India’s equity landscape is witnessing its sharpest behavioural shift in years. Retail investors, long considered the backbone of the secondary market, have pulled out money at the fastest pace since FY19 while simultaneously pouring unprecedented capital into the booming IPO market. The trend reflects rising risk appetite, an aggressive pursuit of listing gains, and concerns over inflated valuations in the mid-cap and small-cap segments.
Retail investors have sold ₹4,729 crore worth of shares in the secondary market so far in FY26, the worst net selling spell since FY19, according to data from the NSE.
Retail investors turned net sellers in four of the first seven months of FY26.
October 2025 alone saw an outflow of ₹12,061 crore, the sharpest monthly selling of the fiscal year.
Interestingly, this selling spree has come even as benchmark indices are hovering near record highs, suggesting that profit-booking and fears of stretched valuations have begun to impact investor behaviour.
While exiting the secondary market, retail investors pumped a record ₹29,370 crore into IPOs in FY26 so far. This mirrors the broader IPO boom:
Capital raised in the Indian IPO market crossed ₹1.5 lakh crore in CY2025, among the highest ever.
As per YES Securities, the number of IPOs increased from 57 in 2023 to 86 in 2024 and further to 93 in 2025.
This sharp divergence — exits from listed stocks and entry into new issues — suggests that the lure of listing-pop gains has become overwhelming for retail sentiment, despite growing quality concerns.
OFS-Heavy IPOs: Are Promoters Cashing Out?
A deeper structural concern is emerging in the IPO market. Nearly 63% of 2025 IPO fundraising came via Offer for Sale (OFS), meaning the money goes directly to promoters and private equity investors, not to the company.
Hitesh Jain of YES Securities explains:
“A growing share of OFS raises questions about how much fresh capital is actually going into companies.”
This trend indicates that promoters and early investors are booking profits at high valuations, leveraging the euphoric environment to exit rather than expand operations.
Market veteran Dipan Mehta offers a balanced view:
“Some venture-funded IPOs are coming earlier than they should, which is a concern. But for every two or three overpriced issues, one or two are reasonably valued with strong profits.”
Sharp post-listing corrections in companies such as Ola Electric, Urban Company and Lenskart underline the speculative nature of some offers. Meanwhile, good-quality IPOs continue to see interest, reflecting a divided market dynamic.
The spike in listing-day flipping is a key driver of the IPO frenzy.
“There is an entire class of investors applying through multiple names and leveraging capital.
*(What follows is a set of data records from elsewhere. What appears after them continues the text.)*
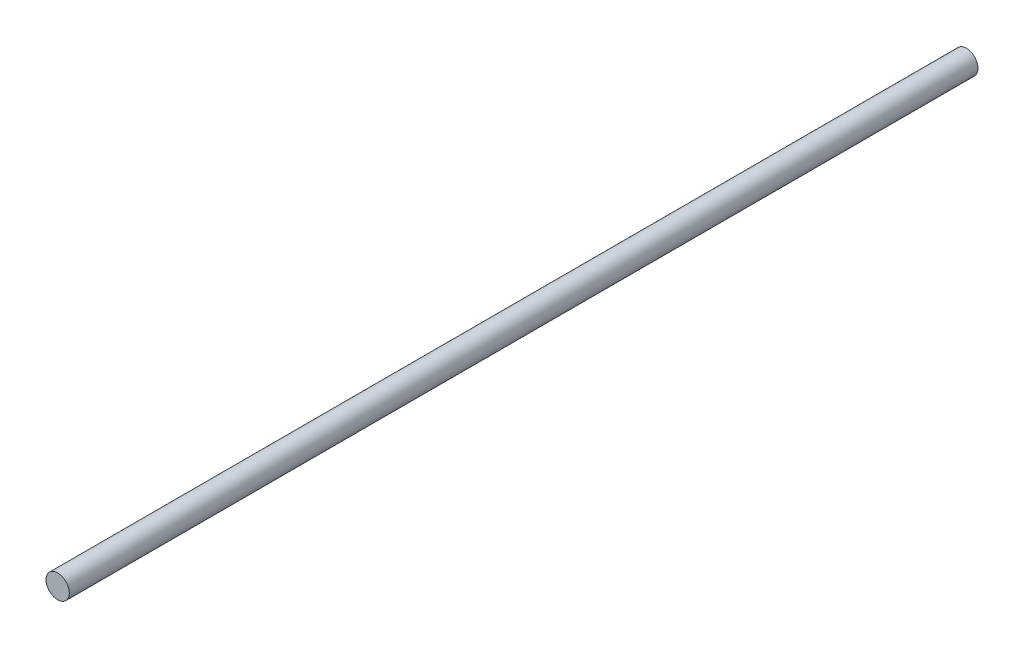
from build123d import *

# Parameters (mm, degrees)
SKETCH1_R           = 6
BOSS_EXTRUDE1_DEPTH = 468


with BuildPart() as part:
    # Sketch1 → Boss-Extrude1 (new body)
    with BuildSketch(Plane.XY):
        with Locations(Location((0, 0, 0), (0, 0, 180))):
            Circle(SKETCH1_R)
    extrude(amount=BOSS_EXTRUDE1_DEPTH)


solid = part.part

As long as flipping gives good returns, more investors will chase IPOs,” says Mehta.
This behaviour has turned IPOs into a short-term tactical trade rather than a long-term investment avenue, increasing volatility but sustaining demand.
Valuation Disconnect Between IPO and Secondary Market
As market expert Sandip Sabharwal points out:
“There are two different markets today IPOs launching at very high valuations and listed mid-caps that are actually cheaper.”
He says only some IPOs are conceding to fair-value expectations, reinforcing the view that retail investors may be overpaying for untested businesses while overlooking established companies trading at attractive valuations.
Why Retail Portfolios Aren’t at Record Highs
Despite the Nifty hovering near lifetime highs, retail portfolios remain under stress:
Small-cap and micro-cap indices have fallen 9–12% from their respective 52-week highs.
Many stocks bought during the 2021–2023 retail boom have yet to recover, pushing investors towards a “quick-return” IPO strategy.
This divergence explains why sentiment in the secondary market remains subdued even as benchmark indices appear strong.
Five-Year Retail Participation Story Remains Solid
Retail investors were among the strongest pillars of India’s equity markets from FY21 to FY25:
Cumulative net equity inflows: ₹3.82 lakh crore
Including IPOs: over ₹5 lakh crore
Retail investors now contribute over 35% of overall trading on the NSE. This financialisation — driven by mutual funds, digital platforms and rising financial literacy — suggests that the recent selling is more tactical than structural.
Outlook 2026
Apurva Sheth of SAMCO Securities suggests an asset-allocation-based diversified approach:
Equity: 40%
Precious metals: 30%
Debt: 10%
Cash: 20% to buy dips
He expects market corrections to provide entry opportunities and believes:
“Nifty could trade between 24,500 and 27,500 in 2026.”
The retail shift away from the secondary market into IPOs points to a growing preference for short-term gains. While some IPOs offer strong fundamentals, many are driven by promoter exits and lofty valuations. Should global or domestic sentiment turn, overvalued IPO exposures are likely to underperform compared to established listed companies trading at reasonable prices.